Occupied entirely in navigating a winding route from that place to this, I dismissed the fastest path entirely. My antipathy for the Feywild is no secret or surprise. When your people are absent from every tale, ignored by every court, left to struggle on scraps while others frolic in the sun... resentment is the flower that strangles out every other in the dark.
But I had not seen the scale of it. I had not yet heard the crash and slide that would take me directly to the heart of things. Only in the last season has it come to me, to guide me to the Court of Stone.
The people there have faced a calamity. One so total that they have never recovered, choosing instead to seal off the source of their shame. Two huge doors past which few go and none return. Two huge doors marked with the sign of my patron. Beyond them, the loss of half of their people or more and a crater. Something colossal had fallen upon them and carved its way directly downward.
Unsure of what we would find, I followed that path with some of the best priests I could gather. Three of them, to make sure our bodies would return from under the earth. And one other, a child, to make sure our souls would follow. Mendal: brave, loud, uncompromising. Bosalind: caring, wise, steadfast. Bella: cunning, quick, silent. And Mittens.
Down, through the Feywild. Down, into the Feydark. Down further, past the Holt of Stone and Blades. Down, through the Hidden Gate. Down so far and so dark that we lost our way, and forgot ourselves. Down into the amethyst labyrinth at the heart of the mountain. And finally, at its core, the full truth of things.
Back before the beginning of time, four Behemoths were created from the primordial nature of matter. Four colossal war machines brought to life in a desperate attempt to win an interplanar war. So vast and mighty, that in their defeat the remnant power of their bodies was cast into the distant void, to be kept there by ancient seals. What little remains on this side of that prison, embodied as Lords of the elemental planes- the Primordials Incarnate. But some of the Incarnates have faired better over time than others. Of the ascendant four, Asteros, First Flame, sits comfortably in the City of Brass. The Cartographer, First Mountain, instead broken and exiled from his realm.
Broken, exiled, and left to plummet through the planes. Shattering on impact with the Court of Stone. Dragging unwitting victims in its wake to flounder, and find themselves, and flourish at the end of a nigh infinite fall. Naught but a crystalline heart in the Feydark.
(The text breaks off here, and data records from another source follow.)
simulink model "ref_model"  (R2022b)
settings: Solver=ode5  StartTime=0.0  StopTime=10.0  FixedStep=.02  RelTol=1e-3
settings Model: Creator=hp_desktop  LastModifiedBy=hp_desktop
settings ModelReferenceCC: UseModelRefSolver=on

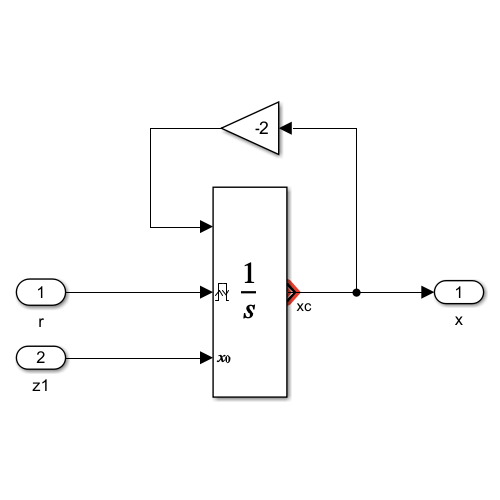
[thumbnail: Simulink's stored preview of the top-level diagram]
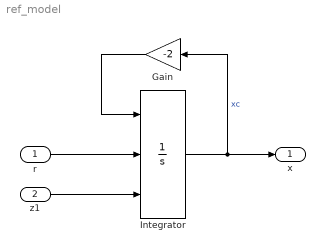
== system ref_model ==
  r : Inport
  z1 : Inport  Port=2
  Gain : Gain  Gain=-2
  Integrator : Integrator  ExternalReset=either  InitialConditionSource=external
  x : Outport
  wires:
  z1/1 -> Integrator/3
  r/1 -> Integrator/2
  Integrator/1 -> x/1, Gain/1  "xc"
  Gain/1 -> Integrator/1
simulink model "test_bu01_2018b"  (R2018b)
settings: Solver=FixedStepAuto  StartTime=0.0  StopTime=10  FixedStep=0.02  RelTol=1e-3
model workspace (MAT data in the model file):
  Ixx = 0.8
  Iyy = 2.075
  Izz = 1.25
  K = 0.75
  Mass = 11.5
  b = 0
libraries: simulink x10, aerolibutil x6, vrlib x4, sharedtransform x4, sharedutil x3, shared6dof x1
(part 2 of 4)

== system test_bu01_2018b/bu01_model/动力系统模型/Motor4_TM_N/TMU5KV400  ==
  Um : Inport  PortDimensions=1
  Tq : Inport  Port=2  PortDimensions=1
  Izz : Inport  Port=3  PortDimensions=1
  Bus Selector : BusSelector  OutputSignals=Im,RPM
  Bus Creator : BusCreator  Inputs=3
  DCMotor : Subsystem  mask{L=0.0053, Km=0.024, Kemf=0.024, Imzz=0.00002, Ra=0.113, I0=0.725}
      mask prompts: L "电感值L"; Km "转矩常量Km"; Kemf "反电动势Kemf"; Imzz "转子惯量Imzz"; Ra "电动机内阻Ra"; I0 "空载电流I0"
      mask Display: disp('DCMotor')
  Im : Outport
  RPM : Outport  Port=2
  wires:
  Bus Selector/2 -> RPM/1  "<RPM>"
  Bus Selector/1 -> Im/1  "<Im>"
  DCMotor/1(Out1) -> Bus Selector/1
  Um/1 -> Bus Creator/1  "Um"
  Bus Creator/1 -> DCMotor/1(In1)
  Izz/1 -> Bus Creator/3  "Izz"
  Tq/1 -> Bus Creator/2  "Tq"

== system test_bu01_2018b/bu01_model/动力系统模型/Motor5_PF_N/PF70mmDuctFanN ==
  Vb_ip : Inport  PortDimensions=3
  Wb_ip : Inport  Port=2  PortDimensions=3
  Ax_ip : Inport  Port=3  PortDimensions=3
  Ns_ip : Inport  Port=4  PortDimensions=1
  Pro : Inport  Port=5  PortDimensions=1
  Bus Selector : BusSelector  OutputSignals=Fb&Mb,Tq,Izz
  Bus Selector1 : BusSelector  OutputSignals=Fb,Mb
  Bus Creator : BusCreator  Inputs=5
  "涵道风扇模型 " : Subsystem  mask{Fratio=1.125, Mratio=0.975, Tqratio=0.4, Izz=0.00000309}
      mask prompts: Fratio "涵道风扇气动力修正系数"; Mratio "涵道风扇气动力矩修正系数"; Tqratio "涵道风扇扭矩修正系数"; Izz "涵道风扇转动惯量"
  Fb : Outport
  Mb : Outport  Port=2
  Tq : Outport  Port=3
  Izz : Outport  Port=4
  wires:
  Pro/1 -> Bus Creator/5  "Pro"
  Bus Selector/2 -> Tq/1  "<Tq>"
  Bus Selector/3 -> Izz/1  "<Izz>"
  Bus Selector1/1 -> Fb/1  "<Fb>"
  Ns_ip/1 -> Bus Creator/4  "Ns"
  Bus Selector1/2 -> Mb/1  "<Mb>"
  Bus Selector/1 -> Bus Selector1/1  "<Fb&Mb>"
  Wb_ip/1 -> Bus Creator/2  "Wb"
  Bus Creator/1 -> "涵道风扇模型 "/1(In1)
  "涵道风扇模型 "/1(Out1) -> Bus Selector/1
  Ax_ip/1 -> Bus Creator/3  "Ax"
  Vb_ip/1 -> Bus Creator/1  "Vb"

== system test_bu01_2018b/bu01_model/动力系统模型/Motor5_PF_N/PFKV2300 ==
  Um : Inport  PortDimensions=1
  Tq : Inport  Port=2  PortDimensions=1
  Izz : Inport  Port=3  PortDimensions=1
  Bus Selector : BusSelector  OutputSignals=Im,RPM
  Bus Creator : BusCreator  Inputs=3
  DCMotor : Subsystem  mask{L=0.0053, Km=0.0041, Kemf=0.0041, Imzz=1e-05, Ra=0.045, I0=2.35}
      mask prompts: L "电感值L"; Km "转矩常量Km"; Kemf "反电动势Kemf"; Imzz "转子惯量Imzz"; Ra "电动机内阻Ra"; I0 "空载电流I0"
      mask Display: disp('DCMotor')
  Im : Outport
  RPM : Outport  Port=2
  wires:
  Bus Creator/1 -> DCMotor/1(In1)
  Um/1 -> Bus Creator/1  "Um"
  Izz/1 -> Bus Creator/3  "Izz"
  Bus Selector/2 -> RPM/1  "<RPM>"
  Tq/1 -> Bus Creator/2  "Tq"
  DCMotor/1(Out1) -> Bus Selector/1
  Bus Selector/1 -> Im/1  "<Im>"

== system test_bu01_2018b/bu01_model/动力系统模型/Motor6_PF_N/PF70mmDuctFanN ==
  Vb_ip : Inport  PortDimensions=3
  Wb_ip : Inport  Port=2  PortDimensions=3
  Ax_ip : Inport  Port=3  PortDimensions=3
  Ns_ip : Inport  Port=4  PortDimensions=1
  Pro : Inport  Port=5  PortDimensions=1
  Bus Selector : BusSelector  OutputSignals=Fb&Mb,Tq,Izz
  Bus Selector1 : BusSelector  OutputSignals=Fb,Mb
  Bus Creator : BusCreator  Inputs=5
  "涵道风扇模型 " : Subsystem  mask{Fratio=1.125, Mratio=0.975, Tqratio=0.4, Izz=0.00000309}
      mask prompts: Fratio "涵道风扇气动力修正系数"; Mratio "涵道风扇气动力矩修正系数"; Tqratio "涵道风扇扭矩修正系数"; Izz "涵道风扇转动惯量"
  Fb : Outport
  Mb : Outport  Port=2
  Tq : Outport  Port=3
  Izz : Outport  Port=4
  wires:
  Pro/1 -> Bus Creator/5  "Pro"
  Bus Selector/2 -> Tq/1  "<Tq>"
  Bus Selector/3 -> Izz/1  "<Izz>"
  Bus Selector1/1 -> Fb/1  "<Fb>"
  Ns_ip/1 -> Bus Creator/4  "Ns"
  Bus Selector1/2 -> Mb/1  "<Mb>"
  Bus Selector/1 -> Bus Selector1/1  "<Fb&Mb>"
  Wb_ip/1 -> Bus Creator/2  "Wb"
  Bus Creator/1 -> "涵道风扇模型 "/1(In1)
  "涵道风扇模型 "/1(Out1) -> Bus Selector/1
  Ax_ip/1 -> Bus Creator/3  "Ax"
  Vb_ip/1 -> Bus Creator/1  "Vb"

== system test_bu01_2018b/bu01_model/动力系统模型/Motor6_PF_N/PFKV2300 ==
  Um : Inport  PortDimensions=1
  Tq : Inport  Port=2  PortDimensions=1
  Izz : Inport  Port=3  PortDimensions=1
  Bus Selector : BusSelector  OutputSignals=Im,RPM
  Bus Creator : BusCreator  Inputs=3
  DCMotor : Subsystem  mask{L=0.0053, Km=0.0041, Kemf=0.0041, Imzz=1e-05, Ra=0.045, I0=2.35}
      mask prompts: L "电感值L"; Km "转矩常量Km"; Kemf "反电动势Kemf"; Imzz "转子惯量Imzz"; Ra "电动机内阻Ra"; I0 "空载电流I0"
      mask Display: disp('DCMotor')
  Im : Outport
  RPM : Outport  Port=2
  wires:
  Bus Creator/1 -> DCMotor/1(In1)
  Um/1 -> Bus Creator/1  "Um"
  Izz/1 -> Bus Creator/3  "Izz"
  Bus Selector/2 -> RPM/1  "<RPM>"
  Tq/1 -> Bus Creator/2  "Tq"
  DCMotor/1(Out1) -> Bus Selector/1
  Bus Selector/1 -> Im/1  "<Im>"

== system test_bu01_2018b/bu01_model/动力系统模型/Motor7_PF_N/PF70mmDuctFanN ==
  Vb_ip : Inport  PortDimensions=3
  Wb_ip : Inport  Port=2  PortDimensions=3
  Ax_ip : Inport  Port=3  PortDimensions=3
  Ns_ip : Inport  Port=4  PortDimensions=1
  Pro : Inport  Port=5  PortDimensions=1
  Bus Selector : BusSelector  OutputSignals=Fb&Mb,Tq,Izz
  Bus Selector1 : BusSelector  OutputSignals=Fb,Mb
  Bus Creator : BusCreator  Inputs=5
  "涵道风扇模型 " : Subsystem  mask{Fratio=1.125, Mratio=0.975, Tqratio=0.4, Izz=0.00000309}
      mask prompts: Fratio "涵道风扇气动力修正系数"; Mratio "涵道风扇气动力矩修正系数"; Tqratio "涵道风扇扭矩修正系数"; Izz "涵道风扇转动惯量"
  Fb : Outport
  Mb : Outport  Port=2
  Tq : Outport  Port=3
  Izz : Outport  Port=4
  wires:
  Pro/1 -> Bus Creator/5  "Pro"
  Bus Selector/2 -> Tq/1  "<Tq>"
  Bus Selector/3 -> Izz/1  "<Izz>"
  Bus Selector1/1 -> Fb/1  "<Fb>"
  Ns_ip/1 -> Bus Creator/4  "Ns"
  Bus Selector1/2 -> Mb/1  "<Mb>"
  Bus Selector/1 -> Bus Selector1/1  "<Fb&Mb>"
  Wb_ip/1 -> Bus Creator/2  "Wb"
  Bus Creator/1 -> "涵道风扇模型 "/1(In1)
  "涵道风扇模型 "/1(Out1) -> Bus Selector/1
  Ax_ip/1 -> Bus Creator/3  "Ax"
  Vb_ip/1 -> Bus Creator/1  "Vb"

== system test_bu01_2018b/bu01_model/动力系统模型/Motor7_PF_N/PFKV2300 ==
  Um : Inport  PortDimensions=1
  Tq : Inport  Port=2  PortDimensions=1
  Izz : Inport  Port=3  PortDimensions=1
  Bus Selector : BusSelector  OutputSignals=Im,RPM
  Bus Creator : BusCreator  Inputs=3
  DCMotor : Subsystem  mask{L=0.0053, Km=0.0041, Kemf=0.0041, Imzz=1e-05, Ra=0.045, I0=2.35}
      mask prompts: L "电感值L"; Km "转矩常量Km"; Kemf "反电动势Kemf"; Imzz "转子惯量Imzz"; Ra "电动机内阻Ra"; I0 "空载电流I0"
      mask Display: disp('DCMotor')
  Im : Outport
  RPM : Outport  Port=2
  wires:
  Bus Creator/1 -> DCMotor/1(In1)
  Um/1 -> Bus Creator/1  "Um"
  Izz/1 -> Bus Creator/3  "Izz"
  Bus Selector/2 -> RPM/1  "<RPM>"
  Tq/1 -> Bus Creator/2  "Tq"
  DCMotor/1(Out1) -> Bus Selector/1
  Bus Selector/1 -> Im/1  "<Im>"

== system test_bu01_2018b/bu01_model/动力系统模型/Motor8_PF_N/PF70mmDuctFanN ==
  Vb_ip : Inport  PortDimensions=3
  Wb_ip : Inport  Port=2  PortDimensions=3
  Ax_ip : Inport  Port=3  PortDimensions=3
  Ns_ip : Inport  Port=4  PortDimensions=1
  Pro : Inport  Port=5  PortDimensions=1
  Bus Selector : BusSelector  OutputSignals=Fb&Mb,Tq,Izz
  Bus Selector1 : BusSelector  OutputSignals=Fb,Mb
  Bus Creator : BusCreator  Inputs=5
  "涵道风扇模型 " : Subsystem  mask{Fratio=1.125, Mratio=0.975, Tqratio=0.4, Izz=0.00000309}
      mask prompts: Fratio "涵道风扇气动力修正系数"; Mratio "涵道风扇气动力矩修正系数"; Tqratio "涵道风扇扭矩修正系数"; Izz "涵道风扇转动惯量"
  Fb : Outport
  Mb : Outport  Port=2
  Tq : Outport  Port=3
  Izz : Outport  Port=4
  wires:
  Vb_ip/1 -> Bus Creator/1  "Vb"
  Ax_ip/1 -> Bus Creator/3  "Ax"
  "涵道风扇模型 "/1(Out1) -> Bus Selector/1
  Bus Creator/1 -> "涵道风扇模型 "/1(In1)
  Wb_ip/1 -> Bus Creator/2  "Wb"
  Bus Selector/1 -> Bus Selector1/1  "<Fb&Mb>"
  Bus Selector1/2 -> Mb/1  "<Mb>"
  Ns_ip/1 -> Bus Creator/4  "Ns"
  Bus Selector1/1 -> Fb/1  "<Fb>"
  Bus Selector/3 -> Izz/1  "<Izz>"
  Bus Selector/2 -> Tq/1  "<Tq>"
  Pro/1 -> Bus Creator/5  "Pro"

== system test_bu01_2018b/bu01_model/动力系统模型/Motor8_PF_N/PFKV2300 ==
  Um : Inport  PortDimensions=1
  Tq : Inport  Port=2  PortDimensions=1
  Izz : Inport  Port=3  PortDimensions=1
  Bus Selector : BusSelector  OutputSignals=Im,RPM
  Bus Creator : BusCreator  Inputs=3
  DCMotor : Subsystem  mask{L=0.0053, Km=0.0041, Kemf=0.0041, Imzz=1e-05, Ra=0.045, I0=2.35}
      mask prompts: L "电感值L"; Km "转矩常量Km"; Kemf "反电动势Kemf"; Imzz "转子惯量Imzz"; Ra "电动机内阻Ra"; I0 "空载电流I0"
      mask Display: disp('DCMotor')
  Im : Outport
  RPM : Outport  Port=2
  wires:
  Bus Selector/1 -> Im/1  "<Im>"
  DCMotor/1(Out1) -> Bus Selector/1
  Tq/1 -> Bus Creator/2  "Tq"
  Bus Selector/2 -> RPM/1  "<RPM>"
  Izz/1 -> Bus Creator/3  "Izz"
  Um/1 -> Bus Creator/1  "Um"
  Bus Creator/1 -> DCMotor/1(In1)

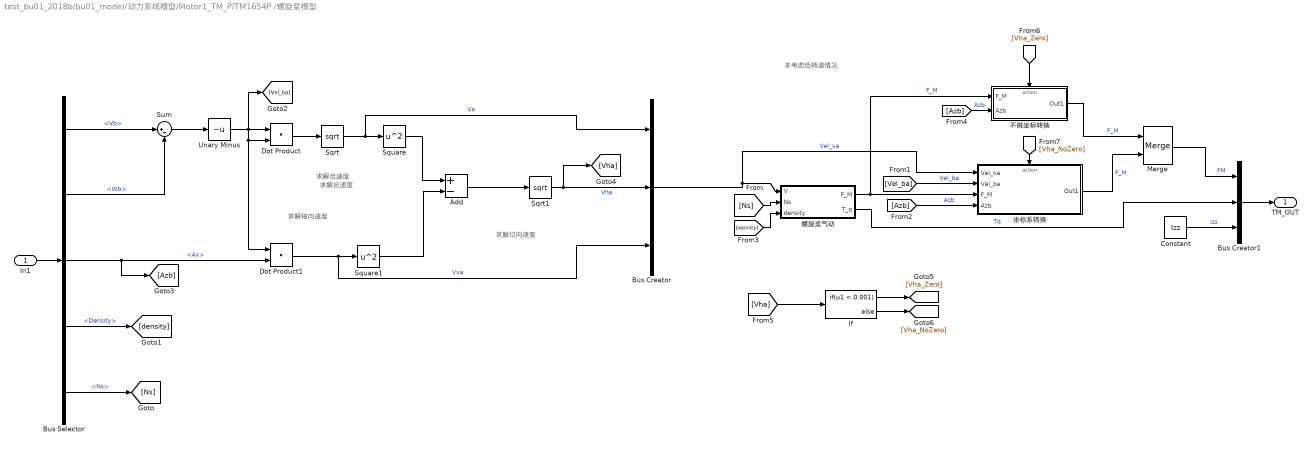
== system test_bu01_2018b/bu01_model/动力系统模型/Motor1_TM_P/TM1654P /螺旋桨模型 ==
  note: 未考虑低转速情况
  note: 求解合速度
  note: 求解轴向速度
  note: 求解切向速度
  note: 求解合速度
  In1 : Inport
  Add : Sum  Inputs=+-
  Bus Selector : BusSelector  OutputSignals=Vb,Wb,Ax,Density,Ns
  Bus Creator : BusCreator  Inputs=3
  Bus Creator1 : BusCreator  Inputs=3
  Constant : Constant  Value=Izz  OutDataTypeStr=double
  Dot Product : DotProduct  InputSameDT=on  OutDataTypeStr=Inherit: Inherit via internal rule
  Dot Product1 : DotProduct  InputSameDT=on  OutDataTypeStr=Inherit: Inherit via internal rule
  If : If  IfExpression=u1 < 0.001
  Merge : Merge
  Sqrt : Sqrt  SaturateOnIntegerOverflow=on
  Sqrt1 : Sqrt  SaturateOnIntegerOverflow=on
  Square : Math  Operator=square  SaturateOnIntegerOverflow=on
  Square1 : Math  Operator=square  SaturateOnIntegerOverflow=on
  Sum : Sum  Inputs=|+-
  Unary Minus : UnaryMinus
  不做坐标转换 : Subsystem
  坐标系转换 : Subsystem
  螺旋桨气动 : Subsystem
  TM_OUT : Outport
  wires:
  In1/1 -> Bus Selector/1
  Bus Selector/1 -> Sum/1  "<Vb>"
  Bus Selector/2 -> Sum/2  "<Wb>"
  Sum/1 -> Unary Minus/1
  Unary Minus/1 -> [Vel_ba], Dot Product/2, Dot Product1/1, Dot Product/1
  Dot Product/1 -> Sqrt/1
  Sqrt/1 -> Bus Creator/1, Square/1  "Va"
  Bus Selector/3 -> [Azb], Dot Product1/2  "<Ax>"
  Bus Selector/4 -> [density]  "<Density>"
  Bus Selector/5 -> [Ns]  "<Ns>"
  Dot Product1/1 -> Bus Creator/3, Square1/1  "Vva"
  Square1/1 -> Add/2
  Square/1 -> Add/1
  Add/1 -> Sqrt1/1
  Sqrt1/1 -> [Vha], Bus Creator/2  "Vha"
  Bus Creator/1 -> 坐标系转换/1(Vel_va), 螺旋桨气动/1(V)  "Vel_va"
  [Ns] -> 螺旋桨气动/2(Ns)
  [Vel_ba] -> 坐标系转换/2(Vel_ba)  "Vel_ba"
  螺旋桨气动/1(F_M) -> 不做坐标转换/1(F_M), 坐标系转换/3(F_M)  "F_M"
  [Azb] -> 坐标系转换/4(Azb)  "Azb"
  [density] -> 螺旋桨气动/3(density)
  螺旋桨气动/2(T_q) -> Bus Creator1/2  "Tq"
  Constant/1 -> Bus Creator1/3  "Izz"
  Bus Creator1/1 -> TM_OUT/1
  [Azb] -> 不做坐标转换/2(Azb)  "Azb"
  [Vha] -> If/1
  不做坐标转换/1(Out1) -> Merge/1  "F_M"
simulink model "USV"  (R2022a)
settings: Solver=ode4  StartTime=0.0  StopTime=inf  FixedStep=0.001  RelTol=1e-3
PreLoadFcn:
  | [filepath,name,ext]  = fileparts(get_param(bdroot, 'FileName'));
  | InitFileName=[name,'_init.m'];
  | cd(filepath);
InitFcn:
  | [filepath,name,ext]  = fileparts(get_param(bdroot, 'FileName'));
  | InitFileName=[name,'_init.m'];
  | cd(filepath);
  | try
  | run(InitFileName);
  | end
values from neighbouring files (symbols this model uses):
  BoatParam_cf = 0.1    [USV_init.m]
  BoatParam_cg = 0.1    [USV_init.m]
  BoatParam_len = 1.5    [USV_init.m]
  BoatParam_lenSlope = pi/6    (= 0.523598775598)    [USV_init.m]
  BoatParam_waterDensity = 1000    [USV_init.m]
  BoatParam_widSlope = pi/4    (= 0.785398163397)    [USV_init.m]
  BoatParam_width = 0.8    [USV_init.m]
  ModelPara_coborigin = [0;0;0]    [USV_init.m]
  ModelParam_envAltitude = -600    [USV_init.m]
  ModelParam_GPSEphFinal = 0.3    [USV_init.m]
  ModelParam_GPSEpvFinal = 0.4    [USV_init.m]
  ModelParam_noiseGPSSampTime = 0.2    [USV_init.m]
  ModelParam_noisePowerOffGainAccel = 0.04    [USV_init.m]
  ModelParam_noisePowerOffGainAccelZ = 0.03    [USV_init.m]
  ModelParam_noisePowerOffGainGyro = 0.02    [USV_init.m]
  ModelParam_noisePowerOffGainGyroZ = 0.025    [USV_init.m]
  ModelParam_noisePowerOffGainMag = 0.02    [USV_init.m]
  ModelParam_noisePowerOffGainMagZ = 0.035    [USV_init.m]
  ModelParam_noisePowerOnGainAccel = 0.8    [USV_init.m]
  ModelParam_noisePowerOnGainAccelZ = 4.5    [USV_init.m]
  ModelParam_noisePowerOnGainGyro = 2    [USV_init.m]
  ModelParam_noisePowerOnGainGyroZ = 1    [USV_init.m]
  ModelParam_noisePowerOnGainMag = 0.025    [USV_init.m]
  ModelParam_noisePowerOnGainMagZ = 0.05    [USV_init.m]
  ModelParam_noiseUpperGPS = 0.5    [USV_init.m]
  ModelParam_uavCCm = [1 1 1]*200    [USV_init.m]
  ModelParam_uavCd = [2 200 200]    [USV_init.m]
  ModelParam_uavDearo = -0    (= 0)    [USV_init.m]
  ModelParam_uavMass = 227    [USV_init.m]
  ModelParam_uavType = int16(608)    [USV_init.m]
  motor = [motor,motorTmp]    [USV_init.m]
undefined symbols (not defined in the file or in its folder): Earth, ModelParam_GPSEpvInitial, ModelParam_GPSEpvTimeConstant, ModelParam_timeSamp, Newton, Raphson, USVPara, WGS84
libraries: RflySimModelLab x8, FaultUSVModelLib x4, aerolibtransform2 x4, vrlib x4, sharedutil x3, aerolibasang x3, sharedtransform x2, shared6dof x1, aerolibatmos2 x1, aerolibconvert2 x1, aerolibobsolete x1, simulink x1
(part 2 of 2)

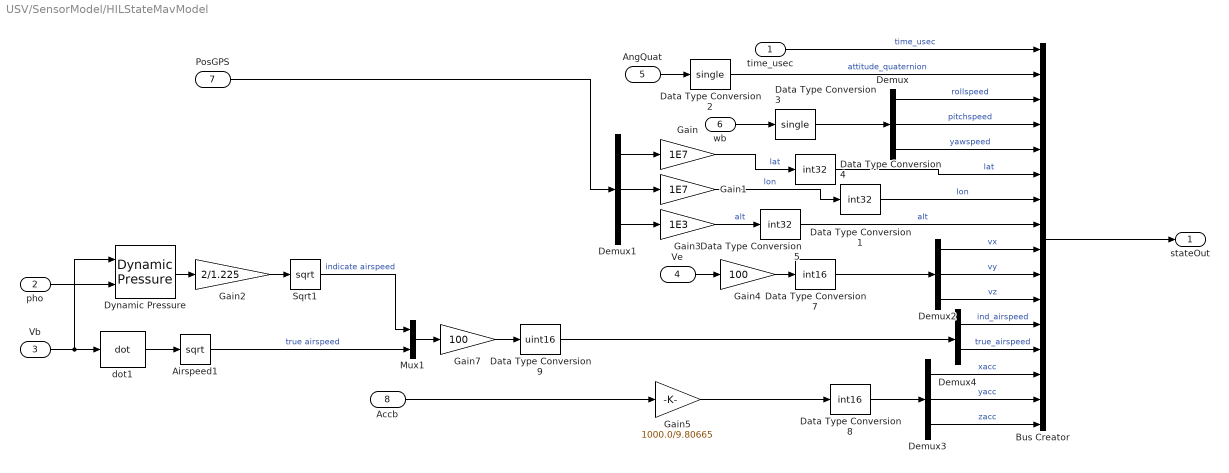
== system USV/SensorModel/HILStateMavModel ==
  time_usec : Inport
  pho : Inport  Port=2
  Vb : Inport  Port=3
  Ve : Inport  Port=4
  AngQuat : Inport  Port=5
  wb : Inport  Port=6
  PosGPS : Inport  Port=7
  Accb : Inport  Port=8
  Airspeed1 : Sqrt  AlgorithmType=Newton-Raphson
  Bus Creator : BusCreator  Inputs=16  OutDataTypeStr=Bus: MavLinkStateQuat  NonVirtualBus=on
  Data Type Conversion1 : DataTypeConversion  OutDataTypeStr=int32  RndMeth=Round  SaturateOnIntegerOverflow=off
  Data Type Conversion2 : DataTypeConversion  OutDataTypeStr=single  SaturateOnIntegerOverflow=off  RndMeth=Floor
  Data Type Conversion3 : DataTypeConversion  OutDataTypeStr=single  SaturateOnIntegerOverflow=off  RndMeth=Floor
  Data Type Conversion4 : DataTypeConversion  OutDataTypeStr=int32  RndMeth=Round  SaturateOnIntegerOverflow=off
  Data Type Conversion5 : DataTypeConversion  OutDataTypeStr=int32  RndMeth=Round  SaturateOnIntegerOverflow=off
  Data Type Conversion7 : DataTypeConversion  OutDataTypeStr=int16  RndMeth=Round  SaturateOnIntegerOverflow=off
  Data Type Conversion8 : DataTypeConversion  OutDataTypeStr=int16  RndMeth=Round  SaturateOnIntegerOverflow=off
  Data Type Conversion9 : DataTypeConversion  OutDataTypeStr=uint16  RndMeth=Round  SaturateOnIntegerOverflow=off
  Demux{,1..3} (4 alike) : Demux  Outputs=3
  Demux4 : Demux  Outputs=2
  Dynamic Pressure : aerolibasang/Dynamic Pressure
  Gain : Gain  Gain=1E7
  Gain1 : Gain  Gain=1E7
  Gain2 : Gain  Gain=2/1.225
  Gain3 : Gain  Gain=1E3
  Gain4 : Gain  Gain=100
  Gain5 : Gain  Gain=1000.0/9.80665
  Gain7 : Gain  Gain=100
  Mux1 : Mux  Inputs=2
  Sqrt1 : Sqrt
  dot1 : aerolibasang/Incidence, Sideslip, & Airspeed/dot  SystemSampleTime=-1  VariantActivationTime=update diagram  Latency=0  AutoFrameSizeCalculation=off
      settings: SourceProductBaseCode=AE
  stateOut : Outport  VectorParamsAs1DForOutWhenUnconnected=off
  wires:
  Sqrt1/1 -> Mux1/1  "indicate airspeed"
  Gain2/1 -> Sqrt1/1
  Dynamic Pressure/1 -> Gain2/1
  time_usec/1 -> Bus Creator/1  "time_usec"
  Vb/1 -> dot1/1, Dynamic Pressure/1
  AngQuat/1 -> Data Type Conversion2/1
  Ve/1 -> Gain4/1
  wb/1 -> Data Type Conversion3/1
  Airspeed1/1 -> Mux1/2  "true airspeed"
  Mux1/1 -> Gain7/1
  Demux4/1 -> Bus Creator/12  "ind_airspeed"
  Demux4/2 -> Bus Creator/13  "true_airspeed"
  Demux3/3 -> Bus Creator/16  "zacc"
  Demux3/2 -> Bus Creator/15  "yacc"
  Demux3/1 -> Bus Creator/14  "xacc"
  Gain5/1 -> Data Type Conversion8/1
  Accb/1 -> Gain5/1
  Demux2/3 -> Bus Creator/11  "vz"
  Demux2/2 -> Bus Creator/10  "vy"
  Demux2/1 -> Bus Creator/9  "vx"
  Gain4/1 -> Data Type Conversion7/1
  Gain3/1 -> Data Type Conversion5/1  "alt"
  Gain1/1 -> Data Type Conversion1/1  "lon"
  Gain/1 -> Data Type Conversion4/1  "lat"
  Demux1/3 -> Gain3/1
  Demux1/2 -> Gain1/1
  Demux1/1 -> Gain/1
  Demux/3 -> Bus Creator/5  "yawspeed"
  Demux/2 -> Bus Creator/4  "pitchspeed"
  Demux/1 -> Bus Creator/3  "rollspeed"
  Data Type Conversion2/1 -> Bus Creator/2  "attitude_quaternion"
  pho/1 -> Dynamic Pressure/2
  Gain7/1 -> Data Type Conversion9/1
  dot1/1 -> Airspeed1/1
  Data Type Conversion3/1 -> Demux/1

In my people’s Holts. In our markets, in my house, and finally in my pocket for these last hundred years.
The Feywild are not ashamed of us, these natives of the Fall. They’re ashamed of their own failure to rescue us.
The Cartographer is not a lost and neglected prince, but the living echo of a primordial king.
Now, I have learned, the cousins of the ascendant four seek to upset the balance of the planes and wrest their own power from the Behemoths. Not Earth and Air and Fire and Water, but Ice and Ooze and Magma and Smoke instead. A new order, and the utter destruction of the old. Were they responsible for the Cartographer’s fall? I cannot be sure. But nonetheless, his rise remains my responsibility. Now placed, purposefully, back in the Dawnlands, I carry the seed of a temple of sorts. My familiar, transfigured from a cowardly lump into something strange and new.
I...
I am not an imprisoned cast-off from a long forgotten House.
I am a herald in the war to come.
When I left the Feydark, I did it the long way around. I found hidden paths from Echo and Ember to Aeschera, from Aeschera to the Rift. I crept from the edges of one Holt to another, took on airs and affectations to stride and slink through the cities of my Drow cousins. Listened attentively to the rumbling whisper of my patron to avoid cave-in, dead-end, wrong-turn. That patron, a creature I romantically thought a lost child at the crux between the Fey and the Hidden Below. Like me: abandoned, ignored, forgotten. Ill-fit to its environment.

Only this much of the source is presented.